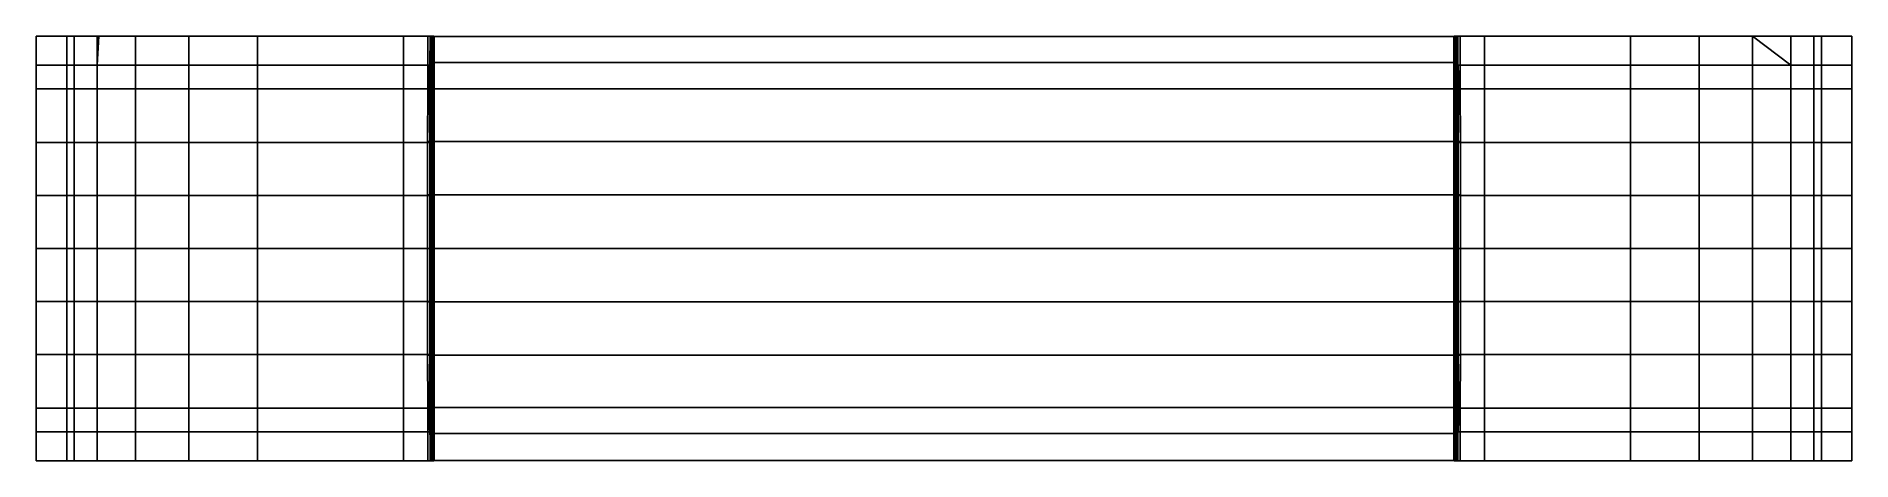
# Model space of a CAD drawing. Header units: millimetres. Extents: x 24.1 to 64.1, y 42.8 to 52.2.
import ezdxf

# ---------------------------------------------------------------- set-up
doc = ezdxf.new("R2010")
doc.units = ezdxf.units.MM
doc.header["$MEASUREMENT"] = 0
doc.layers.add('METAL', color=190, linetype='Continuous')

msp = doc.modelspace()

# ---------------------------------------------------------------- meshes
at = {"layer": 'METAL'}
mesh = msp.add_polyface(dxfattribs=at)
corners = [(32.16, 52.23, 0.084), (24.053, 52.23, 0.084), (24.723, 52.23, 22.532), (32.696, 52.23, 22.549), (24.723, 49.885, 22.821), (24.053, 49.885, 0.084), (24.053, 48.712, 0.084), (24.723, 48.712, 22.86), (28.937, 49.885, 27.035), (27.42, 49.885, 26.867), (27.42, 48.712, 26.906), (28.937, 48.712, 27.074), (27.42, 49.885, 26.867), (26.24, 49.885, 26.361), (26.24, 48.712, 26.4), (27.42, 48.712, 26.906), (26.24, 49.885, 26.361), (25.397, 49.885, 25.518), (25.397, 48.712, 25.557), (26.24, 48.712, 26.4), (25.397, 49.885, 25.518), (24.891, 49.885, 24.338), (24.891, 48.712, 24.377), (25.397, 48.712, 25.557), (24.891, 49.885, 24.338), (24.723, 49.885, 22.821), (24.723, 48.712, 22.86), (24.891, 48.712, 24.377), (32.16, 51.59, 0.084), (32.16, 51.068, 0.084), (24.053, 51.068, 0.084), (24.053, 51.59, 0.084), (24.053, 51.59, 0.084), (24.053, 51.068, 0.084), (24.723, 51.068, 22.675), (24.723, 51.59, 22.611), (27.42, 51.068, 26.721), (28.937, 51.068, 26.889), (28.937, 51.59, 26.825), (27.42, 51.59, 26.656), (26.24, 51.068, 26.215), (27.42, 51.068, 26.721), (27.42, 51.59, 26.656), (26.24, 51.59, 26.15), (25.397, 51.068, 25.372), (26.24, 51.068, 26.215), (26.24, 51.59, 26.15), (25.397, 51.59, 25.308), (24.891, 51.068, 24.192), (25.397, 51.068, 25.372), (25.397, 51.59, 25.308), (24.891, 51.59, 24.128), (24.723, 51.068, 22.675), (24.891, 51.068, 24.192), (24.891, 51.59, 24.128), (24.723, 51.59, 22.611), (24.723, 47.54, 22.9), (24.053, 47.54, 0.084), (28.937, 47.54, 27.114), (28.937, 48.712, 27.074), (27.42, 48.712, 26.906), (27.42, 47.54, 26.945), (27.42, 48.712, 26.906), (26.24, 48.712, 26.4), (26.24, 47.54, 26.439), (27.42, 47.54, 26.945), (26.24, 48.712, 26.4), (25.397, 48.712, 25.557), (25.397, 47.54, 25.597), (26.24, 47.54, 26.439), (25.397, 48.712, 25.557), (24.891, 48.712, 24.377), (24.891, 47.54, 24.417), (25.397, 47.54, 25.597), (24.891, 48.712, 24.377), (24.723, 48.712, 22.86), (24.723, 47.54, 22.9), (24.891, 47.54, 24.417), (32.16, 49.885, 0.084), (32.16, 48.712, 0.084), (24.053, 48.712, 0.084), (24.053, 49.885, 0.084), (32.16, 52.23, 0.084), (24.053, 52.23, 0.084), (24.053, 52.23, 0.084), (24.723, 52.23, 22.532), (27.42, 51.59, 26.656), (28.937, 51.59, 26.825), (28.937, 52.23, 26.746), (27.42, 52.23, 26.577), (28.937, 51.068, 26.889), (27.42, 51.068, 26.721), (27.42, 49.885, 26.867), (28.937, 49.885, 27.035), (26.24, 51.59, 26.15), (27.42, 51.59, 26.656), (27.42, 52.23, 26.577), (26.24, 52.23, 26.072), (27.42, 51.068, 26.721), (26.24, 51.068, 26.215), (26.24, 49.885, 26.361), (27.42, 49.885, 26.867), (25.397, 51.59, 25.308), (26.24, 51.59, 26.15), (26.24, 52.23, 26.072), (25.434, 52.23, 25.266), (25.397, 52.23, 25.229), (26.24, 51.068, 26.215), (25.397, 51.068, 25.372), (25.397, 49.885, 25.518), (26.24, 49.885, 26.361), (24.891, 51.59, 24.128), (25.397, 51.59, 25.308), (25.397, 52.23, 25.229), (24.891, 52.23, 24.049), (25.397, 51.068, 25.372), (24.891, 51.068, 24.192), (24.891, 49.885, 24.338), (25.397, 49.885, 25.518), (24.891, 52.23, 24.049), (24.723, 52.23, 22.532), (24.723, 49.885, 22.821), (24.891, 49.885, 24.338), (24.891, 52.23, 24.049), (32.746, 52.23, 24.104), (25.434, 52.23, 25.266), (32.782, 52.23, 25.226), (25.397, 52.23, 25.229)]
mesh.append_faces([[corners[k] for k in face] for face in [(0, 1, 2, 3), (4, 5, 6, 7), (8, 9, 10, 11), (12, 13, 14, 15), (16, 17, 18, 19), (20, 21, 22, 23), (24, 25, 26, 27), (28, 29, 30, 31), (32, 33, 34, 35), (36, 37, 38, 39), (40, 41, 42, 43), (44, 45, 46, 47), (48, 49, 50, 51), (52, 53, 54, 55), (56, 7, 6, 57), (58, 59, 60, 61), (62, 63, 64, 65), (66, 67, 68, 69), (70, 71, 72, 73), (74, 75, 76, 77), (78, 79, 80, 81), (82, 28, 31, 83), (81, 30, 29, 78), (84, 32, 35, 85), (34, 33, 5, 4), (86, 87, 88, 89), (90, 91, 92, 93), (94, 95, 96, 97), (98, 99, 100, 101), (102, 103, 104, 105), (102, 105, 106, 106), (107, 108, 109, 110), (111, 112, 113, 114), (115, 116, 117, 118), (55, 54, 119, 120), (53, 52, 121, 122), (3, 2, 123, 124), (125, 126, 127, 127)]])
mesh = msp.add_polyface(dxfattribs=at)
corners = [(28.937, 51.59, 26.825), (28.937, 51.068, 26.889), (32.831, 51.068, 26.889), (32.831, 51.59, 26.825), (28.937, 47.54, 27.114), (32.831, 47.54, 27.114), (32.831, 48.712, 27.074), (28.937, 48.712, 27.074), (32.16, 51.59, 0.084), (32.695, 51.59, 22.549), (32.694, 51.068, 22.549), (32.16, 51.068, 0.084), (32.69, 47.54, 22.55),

§ Exercise description: Extract each line holding the word "METAL" from the records.

§ Your response:
doc.layers.add('METAL', color=190, linetype='Continuous')
at = {"layer": 'METAL'}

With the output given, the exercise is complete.